▸ WHAT THE TASK ASKS
Beneath this instruction is a block of data; output from it exactly the lines that run from the one containing "n1.inputs[15].default_value = 0.4591" through the one containing "n4.data_type = 'RGBA'", inclusive.
*** Opening of EXTRACTED INFORMATION ***
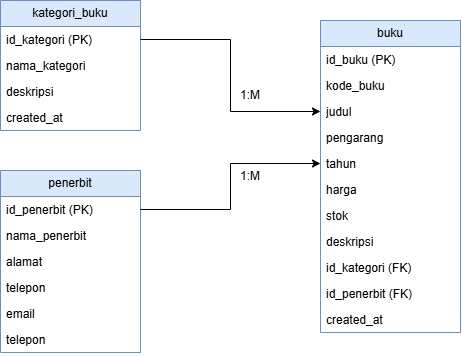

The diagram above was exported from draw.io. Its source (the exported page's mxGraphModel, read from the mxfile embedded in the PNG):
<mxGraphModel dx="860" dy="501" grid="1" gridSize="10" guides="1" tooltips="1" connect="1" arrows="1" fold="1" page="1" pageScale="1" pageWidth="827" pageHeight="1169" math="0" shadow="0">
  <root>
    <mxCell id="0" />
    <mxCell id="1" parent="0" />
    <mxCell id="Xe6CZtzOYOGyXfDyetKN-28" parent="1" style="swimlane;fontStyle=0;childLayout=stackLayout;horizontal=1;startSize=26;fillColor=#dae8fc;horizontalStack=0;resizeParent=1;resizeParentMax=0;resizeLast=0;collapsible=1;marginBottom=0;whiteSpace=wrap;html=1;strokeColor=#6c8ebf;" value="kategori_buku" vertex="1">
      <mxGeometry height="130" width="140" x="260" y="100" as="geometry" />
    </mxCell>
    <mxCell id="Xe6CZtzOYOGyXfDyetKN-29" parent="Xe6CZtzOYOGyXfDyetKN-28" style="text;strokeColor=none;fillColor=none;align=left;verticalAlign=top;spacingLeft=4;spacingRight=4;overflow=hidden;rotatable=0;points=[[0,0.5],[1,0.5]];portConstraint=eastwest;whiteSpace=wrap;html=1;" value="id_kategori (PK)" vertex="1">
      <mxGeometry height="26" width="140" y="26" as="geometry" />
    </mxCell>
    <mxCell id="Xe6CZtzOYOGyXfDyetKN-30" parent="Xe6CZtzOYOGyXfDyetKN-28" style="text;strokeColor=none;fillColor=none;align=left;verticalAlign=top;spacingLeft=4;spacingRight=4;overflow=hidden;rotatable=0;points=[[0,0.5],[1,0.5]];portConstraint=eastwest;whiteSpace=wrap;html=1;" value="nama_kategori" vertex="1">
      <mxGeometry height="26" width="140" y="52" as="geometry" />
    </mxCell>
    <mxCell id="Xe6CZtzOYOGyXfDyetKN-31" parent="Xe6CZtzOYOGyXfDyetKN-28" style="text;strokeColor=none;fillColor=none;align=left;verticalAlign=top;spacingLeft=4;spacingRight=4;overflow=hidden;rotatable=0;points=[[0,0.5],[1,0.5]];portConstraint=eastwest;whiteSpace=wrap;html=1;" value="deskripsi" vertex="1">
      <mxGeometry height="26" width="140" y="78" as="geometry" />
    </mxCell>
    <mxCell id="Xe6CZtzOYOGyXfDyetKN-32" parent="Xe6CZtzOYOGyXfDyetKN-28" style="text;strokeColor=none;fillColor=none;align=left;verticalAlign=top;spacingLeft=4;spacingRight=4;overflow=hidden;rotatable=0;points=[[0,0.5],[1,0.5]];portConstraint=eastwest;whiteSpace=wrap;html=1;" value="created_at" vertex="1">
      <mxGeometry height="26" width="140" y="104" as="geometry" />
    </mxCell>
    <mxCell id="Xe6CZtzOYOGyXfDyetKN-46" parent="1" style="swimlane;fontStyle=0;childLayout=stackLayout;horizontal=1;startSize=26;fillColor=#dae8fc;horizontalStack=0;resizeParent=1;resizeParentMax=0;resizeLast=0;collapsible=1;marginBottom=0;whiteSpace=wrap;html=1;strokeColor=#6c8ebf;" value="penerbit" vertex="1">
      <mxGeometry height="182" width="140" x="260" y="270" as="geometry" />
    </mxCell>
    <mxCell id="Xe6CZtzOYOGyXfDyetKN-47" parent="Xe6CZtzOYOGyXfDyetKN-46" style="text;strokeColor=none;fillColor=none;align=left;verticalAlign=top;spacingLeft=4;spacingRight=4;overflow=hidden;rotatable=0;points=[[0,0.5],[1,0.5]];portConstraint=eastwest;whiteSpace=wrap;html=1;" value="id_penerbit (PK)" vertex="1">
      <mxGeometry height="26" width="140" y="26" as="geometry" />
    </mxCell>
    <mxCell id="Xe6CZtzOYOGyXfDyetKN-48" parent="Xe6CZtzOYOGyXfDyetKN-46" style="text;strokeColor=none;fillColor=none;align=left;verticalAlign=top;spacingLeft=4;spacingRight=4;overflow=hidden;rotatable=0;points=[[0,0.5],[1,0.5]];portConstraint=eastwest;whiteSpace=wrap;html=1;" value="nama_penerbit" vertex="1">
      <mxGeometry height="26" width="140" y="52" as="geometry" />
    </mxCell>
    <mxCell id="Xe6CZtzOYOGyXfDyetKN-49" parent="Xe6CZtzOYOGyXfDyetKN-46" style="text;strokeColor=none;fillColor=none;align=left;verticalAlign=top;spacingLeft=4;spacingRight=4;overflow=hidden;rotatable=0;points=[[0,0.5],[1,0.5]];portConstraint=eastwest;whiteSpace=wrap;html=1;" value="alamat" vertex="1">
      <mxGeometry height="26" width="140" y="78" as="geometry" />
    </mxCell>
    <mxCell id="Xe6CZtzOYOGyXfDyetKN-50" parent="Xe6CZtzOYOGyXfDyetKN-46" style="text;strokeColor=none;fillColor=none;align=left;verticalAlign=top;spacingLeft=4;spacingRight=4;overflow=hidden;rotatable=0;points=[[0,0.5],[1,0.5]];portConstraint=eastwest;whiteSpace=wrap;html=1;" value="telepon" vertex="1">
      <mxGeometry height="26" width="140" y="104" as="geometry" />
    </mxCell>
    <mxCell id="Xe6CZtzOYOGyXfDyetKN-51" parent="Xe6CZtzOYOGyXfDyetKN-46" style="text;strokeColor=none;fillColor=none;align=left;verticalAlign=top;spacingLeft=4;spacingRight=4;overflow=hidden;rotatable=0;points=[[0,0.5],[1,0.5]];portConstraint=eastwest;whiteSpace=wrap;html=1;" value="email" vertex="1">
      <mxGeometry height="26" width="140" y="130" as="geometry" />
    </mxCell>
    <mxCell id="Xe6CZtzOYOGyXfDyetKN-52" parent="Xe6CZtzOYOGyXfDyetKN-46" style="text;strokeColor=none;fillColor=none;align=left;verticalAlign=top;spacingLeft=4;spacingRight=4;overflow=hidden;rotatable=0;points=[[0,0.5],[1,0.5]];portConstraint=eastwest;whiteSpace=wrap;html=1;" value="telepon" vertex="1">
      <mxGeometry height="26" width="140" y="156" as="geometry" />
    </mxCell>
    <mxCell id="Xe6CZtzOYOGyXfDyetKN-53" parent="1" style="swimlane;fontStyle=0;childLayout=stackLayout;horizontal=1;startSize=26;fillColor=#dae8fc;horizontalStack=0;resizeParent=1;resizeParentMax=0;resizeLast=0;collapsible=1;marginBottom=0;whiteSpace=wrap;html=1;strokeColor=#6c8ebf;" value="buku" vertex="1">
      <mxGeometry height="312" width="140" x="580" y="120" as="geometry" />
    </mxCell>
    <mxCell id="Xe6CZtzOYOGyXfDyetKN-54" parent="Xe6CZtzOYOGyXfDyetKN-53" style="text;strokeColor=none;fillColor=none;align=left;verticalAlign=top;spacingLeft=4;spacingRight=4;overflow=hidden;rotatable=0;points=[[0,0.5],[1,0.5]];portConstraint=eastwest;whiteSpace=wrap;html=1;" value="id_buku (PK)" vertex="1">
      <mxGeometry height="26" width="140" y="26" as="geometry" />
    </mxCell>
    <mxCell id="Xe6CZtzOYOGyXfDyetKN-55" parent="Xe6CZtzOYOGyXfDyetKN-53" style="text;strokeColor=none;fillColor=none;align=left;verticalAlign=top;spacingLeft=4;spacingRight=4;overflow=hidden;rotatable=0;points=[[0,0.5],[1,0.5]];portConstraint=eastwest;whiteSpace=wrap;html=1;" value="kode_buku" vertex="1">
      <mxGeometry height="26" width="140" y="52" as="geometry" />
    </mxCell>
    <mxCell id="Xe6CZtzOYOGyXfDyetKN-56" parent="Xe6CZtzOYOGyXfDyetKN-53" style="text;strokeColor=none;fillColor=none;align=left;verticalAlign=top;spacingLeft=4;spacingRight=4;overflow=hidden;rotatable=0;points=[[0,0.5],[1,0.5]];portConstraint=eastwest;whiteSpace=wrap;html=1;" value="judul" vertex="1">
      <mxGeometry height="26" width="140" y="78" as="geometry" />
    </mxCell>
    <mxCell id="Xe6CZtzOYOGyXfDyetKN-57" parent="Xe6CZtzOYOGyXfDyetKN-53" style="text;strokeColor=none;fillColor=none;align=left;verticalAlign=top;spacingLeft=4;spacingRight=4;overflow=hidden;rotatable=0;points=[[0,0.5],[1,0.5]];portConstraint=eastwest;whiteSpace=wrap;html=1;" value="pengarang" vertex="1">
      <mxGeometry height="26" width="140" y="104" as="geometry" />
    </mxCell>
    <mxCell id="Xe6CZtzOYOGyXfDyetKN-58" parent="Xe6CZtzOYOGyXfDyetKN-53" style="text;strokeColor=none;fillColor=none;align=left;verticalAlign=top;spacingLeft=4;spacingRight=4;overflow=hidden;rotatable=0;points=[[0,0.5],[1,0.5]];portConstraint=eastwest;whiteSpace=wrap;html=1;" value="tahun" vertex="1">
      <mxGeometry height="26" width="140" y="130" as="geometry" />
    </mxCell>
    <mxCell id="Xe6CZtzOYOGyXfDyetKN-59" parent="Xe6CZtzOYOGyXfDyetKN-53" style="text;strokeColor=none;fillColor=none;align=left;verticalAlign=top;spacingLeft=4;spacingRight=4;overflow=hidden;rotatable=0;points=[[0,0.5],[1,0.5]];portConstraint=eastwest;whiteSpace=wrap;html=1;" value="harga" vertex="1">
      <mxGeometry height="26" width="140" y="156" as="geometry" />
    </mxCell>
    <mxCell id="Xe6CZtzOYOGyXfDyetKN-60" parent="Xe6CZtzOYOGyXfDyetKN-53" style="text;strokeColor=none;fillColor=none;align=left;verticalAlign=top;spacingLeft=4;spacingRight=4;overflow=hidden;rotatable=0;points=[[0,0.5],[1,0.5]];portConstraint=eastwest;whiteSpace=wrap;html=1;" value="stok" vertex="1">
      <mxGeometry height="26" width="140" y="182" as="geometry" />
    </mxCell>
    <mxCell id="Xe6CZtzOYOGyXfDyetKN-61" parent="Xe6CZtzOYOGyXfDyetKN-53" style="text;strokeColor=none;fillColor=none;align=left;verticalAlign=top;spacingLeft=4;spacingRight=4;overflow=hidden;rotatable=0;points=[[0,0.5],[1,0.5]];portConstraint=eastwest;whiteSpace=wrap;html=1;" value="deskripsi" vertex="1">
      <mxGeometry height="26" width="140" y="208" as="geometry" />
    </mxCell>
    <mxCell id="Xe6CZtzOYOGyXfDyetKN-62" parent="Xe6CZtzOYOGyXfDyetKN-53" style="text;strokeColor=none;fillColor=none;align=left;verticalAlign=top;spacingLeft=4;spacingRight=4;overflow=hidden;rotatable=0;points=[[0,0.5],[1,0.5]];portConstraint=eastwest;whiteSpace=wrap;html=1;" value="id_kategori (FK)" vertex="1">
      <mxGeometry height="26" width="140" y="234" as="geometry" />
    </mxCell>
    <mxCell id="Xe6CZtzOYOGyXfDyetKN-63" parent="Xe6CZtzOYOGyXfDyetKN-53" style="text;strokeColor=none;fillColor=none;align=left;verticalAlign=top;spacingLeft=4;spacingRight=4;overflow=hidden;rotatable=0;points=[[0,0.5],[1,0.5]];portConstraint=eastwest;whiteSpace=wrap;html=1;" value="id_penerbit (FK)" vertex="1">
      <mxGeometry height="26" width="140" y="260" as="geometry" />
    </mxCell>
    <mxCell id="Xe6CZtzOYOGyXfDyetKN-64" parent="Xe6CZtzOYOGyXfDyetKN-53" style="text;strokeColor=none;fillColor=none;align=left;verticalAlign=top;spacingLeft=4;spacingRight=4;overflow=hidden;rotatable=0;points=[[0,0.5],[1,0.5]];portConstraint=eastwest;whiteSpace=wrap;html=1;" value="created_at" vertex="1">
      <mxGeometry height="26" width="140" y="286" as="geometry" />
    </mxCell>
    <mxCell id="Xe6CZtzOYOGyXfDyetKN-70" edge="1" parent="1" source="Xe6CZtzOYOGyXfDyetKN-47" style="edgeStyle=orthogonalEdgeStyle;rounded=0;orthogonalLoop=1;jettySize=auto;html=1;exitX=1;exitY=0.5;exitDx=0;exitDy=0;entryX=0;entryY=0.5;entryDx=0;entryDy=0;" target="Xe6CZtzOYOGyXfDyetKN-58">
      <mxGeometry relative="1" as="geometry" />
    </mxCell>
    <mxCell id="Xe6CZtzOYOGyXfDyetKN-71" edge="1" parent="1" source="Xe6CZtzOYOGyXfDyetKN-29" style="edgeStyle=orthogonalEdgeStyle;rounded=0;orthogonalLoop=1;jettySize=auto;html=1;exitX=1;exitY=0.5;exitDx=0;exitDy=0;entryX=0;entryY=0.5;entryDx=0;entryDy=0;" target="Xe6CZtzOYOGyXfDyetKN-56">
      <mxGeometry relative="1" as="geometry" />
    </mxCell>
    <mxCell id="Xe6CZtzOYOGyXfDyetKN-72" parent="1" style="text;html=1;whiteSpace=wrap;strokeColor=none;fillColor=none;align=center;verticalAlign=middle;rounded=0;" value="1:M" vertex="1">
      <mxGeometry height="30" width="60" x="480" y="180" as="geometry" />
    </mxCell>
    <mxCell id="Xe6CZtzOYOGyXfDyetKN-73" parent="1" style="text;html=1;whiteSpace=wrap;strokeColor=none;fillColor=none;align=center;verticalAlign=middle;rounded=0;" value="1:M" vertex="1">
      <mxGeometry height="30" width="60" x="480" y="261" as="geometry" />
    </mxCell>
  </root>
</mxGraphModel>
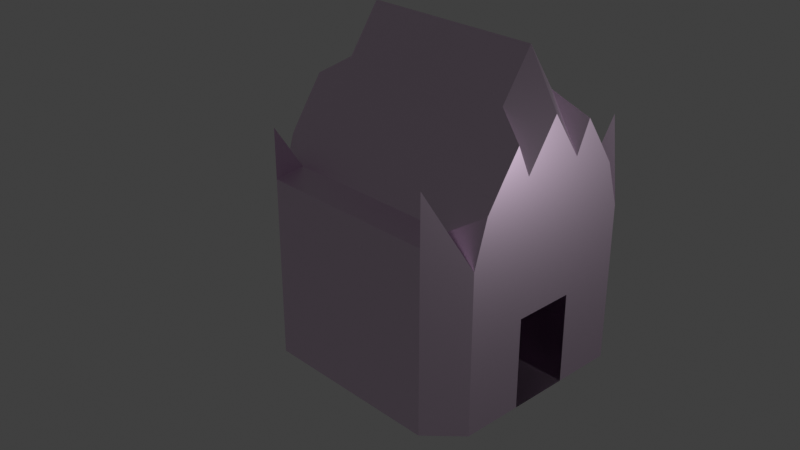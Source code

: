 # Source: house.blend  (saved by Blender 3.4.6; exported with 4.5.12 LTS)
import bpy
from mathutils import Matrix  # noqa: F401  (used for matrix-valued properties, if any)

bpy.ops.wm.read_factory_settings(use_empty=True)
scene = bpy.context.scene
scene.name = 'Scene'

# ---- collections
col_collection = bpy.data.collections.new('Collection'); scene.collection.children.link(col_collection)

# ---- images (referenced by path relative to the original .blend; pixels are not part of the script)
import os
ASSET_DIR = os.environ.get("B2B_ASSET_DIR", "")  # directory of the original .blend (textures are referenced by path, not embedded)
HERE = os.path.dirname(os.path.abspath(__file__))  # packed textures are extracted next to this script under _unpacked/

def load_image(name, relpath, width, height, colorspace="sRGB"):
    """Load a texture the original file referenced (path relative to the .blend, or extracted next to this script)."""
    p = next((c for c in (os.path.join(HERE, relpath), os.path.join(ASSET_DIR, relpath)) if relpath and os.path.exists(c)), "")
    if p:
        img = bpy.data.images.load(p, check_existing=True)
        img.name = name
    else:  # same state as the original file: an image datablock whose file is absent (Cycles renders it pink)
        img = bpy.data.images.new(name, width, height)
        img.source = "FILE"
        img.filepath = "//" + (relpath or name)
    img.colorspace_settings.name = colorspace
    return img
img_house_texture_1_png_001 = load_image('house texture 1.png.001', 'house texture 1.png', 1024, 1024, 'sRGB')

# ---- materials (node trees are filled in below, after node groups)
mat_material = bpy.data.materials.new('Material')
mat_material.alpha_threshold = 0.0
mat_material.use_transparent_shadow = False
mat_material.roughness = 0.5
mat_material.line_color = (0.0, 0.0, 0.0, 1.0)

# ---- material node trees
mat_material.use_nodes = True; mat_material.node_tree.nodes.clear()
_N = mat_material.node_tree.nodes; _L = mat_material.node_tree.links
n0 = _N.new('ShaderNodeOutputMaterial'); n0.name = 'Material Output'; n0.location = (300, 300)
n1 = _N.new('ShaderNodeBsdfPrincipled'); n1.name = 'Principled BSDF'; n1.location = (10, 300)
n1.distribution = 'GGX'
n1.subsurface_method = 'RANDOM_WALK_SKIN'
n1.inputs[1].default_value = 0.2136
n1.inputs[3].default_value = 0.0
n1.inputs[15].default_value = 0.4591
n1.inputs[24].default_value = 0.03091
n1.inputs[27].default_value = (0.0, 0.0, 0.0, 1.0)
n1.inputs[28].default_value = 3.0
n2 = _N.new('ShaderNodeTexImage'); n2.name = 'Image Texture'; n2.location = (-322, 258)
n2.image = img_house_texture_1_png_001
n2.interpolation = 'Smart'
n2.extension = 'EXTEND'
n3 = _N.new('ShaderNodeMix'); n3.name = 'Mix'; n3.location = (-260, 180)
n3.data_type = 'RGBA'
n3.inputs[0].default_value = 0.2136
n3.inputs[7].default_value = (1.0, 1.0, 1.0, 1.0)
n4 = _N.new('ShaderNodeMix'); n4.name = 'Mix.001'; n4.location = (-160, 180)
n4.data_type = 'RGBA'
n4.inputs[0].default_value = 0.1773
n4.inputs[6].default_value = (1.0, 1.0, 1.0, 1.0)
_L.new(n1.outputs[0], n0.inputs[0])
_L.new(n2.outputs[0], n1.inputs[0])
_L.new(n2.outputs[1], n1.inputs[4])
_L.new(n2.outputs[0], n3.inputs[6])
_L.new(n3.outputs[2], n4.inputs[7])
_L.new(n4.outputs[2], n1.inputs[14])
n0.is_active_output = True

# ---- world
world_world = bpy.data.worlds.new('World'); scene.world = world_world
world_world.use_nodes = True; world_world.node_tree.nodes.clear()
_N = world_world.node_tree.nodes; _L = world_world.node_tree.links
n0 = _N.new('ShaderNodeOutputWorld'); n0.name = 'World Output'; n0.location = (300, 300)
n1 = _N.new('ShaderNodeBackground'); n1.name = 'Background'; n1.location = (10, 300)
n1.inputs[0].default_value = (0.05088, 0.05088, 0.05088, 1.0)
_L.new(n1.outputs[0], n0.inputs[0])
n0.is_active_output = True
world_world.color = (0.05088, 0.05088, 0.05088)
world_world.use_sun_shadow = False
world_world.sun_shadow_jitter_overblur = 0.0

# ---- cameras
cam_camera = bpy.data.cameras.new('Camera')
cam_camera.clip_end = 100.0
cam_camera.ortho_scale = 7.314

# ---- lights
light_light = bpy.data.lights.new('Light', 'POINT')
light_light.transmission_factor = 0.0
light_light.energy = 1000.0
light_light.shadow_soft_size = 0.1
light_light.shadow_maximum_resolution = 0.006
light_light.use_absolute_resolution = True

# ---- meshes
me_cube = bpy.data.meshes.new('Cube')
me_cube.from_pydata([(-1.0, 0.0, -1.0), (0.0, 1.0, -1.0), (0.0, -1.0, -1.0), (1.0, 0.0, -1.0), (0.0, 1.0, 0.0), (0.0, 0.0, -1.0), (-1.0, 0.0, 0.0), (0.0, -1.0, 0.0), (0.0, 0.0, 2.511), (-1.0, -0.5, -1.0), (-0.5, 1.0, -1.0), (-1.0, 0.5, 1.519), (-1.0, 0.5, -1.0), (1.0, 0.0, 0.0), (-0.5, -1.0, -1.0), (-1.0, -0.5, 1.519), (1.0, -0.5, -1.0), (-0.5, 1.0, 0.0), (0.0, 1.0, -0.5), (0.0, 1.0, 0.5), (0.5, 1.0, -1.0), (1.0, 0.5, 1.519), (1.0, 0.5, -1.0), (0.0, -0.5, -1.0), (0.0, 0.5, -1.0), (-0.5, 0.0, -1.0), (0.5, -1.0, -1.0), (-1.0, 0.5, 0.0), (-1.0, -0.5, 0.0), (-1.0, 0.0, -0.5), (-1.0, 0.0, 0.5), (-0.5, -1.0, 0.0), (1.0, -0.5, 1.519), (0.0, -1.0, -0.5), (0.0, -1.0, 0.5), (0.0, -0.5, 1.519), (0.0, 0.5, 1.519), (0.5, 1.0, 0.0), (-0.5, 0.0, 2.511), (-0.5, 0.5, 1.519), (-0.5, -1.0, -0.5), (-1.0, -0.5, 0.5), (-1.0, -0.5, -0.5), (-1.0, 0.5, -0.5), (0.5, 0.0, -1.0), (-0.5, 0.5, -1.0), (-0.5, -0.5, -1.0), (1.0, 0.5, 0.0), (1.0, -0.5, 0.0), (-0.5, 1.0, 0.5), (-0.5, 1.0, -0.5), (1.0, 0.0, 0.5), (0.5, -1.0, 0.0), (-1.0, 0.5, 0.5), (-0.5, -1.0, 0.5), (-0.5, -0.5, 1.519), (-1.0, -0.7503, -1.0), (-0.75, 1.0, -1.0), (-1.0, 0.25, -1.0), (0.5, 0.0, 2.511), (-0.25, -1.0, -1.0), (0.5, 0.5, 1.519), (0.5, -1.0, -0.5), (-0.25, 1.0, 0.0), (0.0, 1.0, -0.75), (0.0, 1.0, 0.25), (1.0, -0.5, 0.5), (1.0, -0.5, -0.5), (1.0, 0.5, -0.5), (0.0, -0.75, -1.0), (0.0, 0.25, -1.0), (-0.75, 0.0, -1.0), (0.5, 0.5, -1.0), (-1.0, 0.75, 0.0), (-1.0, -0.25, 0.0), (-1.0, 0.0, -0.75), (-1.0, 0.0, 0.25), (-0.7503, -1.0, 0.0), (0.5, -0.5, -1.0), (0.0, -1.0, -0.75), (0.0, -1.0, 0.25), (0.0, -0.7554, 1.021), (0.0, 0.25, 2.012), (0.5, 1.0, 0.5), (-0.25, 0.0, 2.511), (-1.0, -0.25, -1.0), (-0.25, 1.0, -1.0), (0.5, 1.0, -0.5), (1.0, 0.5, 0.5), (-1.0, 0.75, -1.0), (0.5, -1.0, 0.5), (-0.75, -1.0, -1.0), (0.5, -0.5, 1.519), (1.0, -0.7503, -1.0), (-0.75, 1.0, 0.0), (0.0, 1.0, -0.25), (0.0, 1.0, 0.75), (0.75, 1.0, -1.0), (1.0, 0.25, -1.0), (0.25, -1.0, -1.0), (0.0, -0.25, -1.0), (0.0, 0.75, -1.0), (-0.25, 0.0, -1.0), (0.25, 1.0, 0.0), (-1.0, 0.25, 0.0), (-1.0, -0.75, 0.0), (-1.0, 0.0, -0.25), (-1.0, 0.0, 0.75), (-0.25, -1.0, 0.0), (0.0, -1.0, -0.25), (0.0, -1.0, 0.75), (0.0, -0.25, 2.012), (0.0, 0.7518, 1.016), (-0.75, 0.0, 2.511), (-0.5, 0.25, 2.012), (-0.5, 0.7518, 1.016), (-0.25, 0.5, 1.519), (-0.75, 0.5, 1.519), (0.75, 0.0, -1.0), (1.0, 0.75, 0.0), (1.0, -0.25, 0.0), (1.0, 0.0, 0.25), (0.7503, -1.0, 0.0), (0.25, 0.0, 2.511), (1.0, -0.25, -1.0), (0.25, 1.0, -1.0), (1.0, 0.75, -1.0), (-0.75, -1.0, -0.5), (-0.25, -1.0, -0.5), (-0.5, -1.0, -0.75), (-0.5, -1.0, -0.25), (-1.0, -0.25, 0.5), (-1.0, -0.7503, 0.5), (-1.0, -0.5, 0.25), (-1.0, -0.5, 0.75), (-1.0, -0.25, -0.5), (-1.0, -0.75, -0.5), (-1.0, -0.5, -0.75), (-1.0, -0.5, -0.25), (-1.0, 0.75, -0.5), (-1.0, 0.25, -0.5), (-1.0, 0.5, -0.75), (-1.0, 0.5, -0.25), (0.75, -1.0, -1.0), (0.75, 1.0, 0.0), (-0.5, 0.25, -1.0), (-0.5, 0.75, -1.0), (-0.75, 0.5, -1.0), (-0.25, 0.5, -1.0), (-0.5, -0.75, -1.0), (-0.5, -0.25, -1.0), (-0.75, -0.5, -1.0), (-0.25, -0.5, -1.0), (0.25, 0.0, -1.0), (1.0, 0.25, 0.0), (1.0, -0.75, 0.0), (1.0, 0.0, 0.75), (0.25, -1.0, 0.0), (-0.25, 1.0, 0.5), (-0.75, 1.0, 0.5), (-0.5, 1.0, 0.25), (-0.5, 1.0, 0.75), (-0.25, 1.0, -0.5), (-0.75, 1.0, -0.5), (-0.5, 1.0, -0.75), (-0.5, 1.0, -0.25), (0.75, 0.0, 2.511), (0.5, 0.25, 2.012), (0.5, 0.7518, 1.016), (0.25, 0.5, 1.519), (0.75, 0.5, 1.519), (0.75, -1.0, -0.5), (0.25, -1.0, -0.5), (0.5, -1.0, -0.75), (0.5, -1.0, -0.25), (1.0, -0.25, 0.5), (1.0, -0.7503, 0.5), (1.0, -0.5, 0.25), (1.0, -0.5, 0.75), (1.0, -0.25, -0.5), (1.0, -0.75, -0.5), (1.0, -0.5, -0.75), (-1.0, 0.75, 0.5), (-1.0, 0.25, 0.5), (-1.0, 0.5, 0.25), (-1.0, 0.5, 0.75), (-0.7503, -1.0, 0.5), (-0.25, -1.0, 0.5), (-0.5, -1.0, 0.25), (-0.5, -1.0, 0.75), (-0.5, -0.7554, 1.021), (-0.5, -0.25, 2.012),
*** Close of EXTRACTED INFORMATION ***
▸ ANSWER TO THIS TASK
n1.inputs[15].default_value = 0.4591
n1.inputs[24].default_value = 0.03091
n1.inputs[27].default_value = (0.0, 0.0, 0.0, 1.0)
n1.inputs[28].default_value = 3.0
n2 = _N.new('ShaderNodeTexImage'); n2.name = 'Image Texture'; n2.location = (-322, 258)
n2.image = img_house_texture_1_png_001
n2.interpolation = 'Smart'
n2.extension = 'EXTEND'
n3 = _N.new('ShaderNodeMix'); n3.name = 'Mix'; n3.location = (-260, 180)
n3.data_type = 'RGBA'
n3.inputs[0].default_value = 0.2136
n3.inputs[7].default_value = (1.0, 1.0, 1.0, 1.0)
n4 = _N.new('ShaderNodeMix'); n4.name = 'Mix.001'; n4.location = (-160, 180)
n4.data_type = 'RGBA'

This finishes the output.